Thursday 19 March 2015

Saying thanks and leaving things behind

After two days of wrapping up, we packed and heading for the airport on Saturday.  I must admit I've often felt fresher, and I was quite looking forward to the tedium of sitting down and watching Africa slide by underneath.  Thursday was taken up with a morning of prep and then our final workshop, where we discussed a fine cut with the group, did some interviews and then spent some time saying thank you and goodbye properly.

Letting go is an important part of group work and there're all sorts of things that I think work well. One, asking everyone to help clear up the space they've been working in, wasn't appropriate this time because the workshops were spread over three locations.  Saying good bye and thank you always seems to fit in though, and I took the opportunity to share a tradition from a video course Rick and I ran: T156 - Digital Film School, where we presented students with hero badges for contributions to the course that made it a better place to study.

With this group, we gave them all hero badges and I asked the group to suggest why for each one. It took some of the energy out of the subsequent suggestion that everyone thank everyone else for something specific, but I noticed quite a few hero badges on show the next day.

Friday was more public. I spent the morning at Nasonjo working up a pre-screening for around 150 students and staff.  There was a cheer every time someone they recognised came on the screen - not easy given the amount of light pouring in from overhead, the ad-hoc nature of the screen and the relatively dim battery powered projector.

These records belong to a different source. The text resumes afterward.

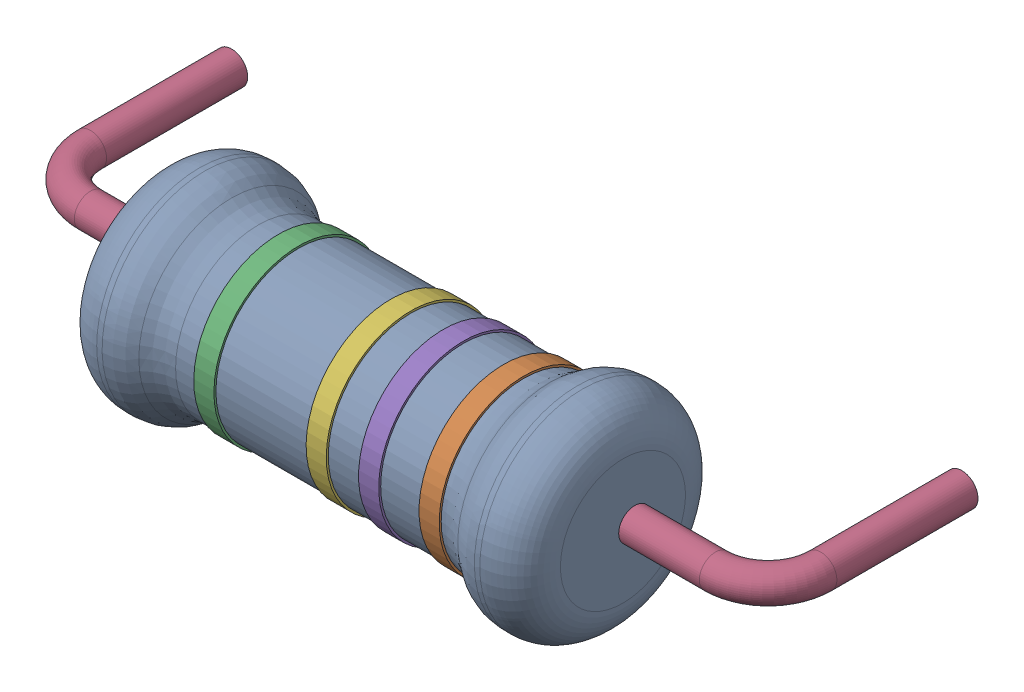
SolidWorks assembly R61.step, configuration Default. Lengths in mm.
Overall size (18.91 5.72 7.96).
7 component instances, 6 part files, 0 mates.
Components (placement in the parent):
- Res_Yageo_KNP100JR-73-22R_eec.step-1: Res_Yageo_KNP100JR-73-22R_eec.step [Default] at (64.389 10.414 0) x (-1 0 0) z (0 0 1) size (18.91 5.72 7.96)
  - 1.step-1: 1.step [Default] at (0 0 2.55) size (11.5 5.1 5.1)
  - 2.step-1: 2.step [Default] at (-3.2931 0 2.55) x (0 0 -1) z (1 0 0) size (4.2 4.2 0.5)
  - 3.step-1: 3.step [Default] at (2.7931 0 2.55) x (0 -0.492137 0.870518) z (-1 0 0) size (4.2 4.2 0.5)
  - 4.step-1: 4.step [Default] at (0 0 -2.55) size (18.91 0.8 5.21)
  - 5.step-1: 5.step [Default] at (-1.7931 0 2.55) x (0 0 -1) z (1 0 0) size (4.2 4.2 0.5)
  - 6.step-1: 6.step [Default] at (0.0069 0 2.55) x (0 -0.017206 0.999852) z (-1 0 0) size (4.2 4.2 0.5)

Afterwards there was time to sit and talk to the teachers at the school I hadn't been working with.  They were really sweet and kind and interesting, poking gentle fun at me and each other, and happy to share the spicy potato cakes I'd bought at the Indian shop in town on the way out.

Eventually the car came and found us and we piled out at the main event where chaos was being shaped in to order and I managed to avoid being part of the stage party, something I always try and avoid on account of being too fidgety to be on show.  The screening was preceded by full pomp, with speeches, introductions and dancing beforehand and more speeches and presentations afterwards.  The dancers were brilliant, and I especially liked the girl guides team, who hung on to their spot in the limelight so tightly it looked like they might need to be carried off at one stage, and the Nkosi Zulu style dancing which had more and more people up and kicking up dust, including Rick and I.

The screening itself hovered on the edge of disaster (and had long before I even got there), using up three projectors and most of Rick's nerves.  The sound crew were local lads who revelled in the opportunity to fill the church hall with their kind of music, once they'd successfully evaded the H&S risks associated with 'plugging' in bare wires into a socket.  Rick had spent the morning doing a sound mix on the video so that it could be played out on speakers the size of small trucks, but in the end the audience were even louder, cheering every time someone from their school appeared on screen and loudest of all for their headmaster.


The important parts of the day for me where the opportunity for our teachers to get recognition for their work from their own community, and to leave behind everything we could so that there'd be something more than memories and questions afterwards.  I spent most of Thursday evening putting together a set of the photos and some of the video on a memory stick for each school, and we left a small flip-style camera behind for each school on permanent loan.  I'm really interested to see whether they use them and what for when we come back sometime.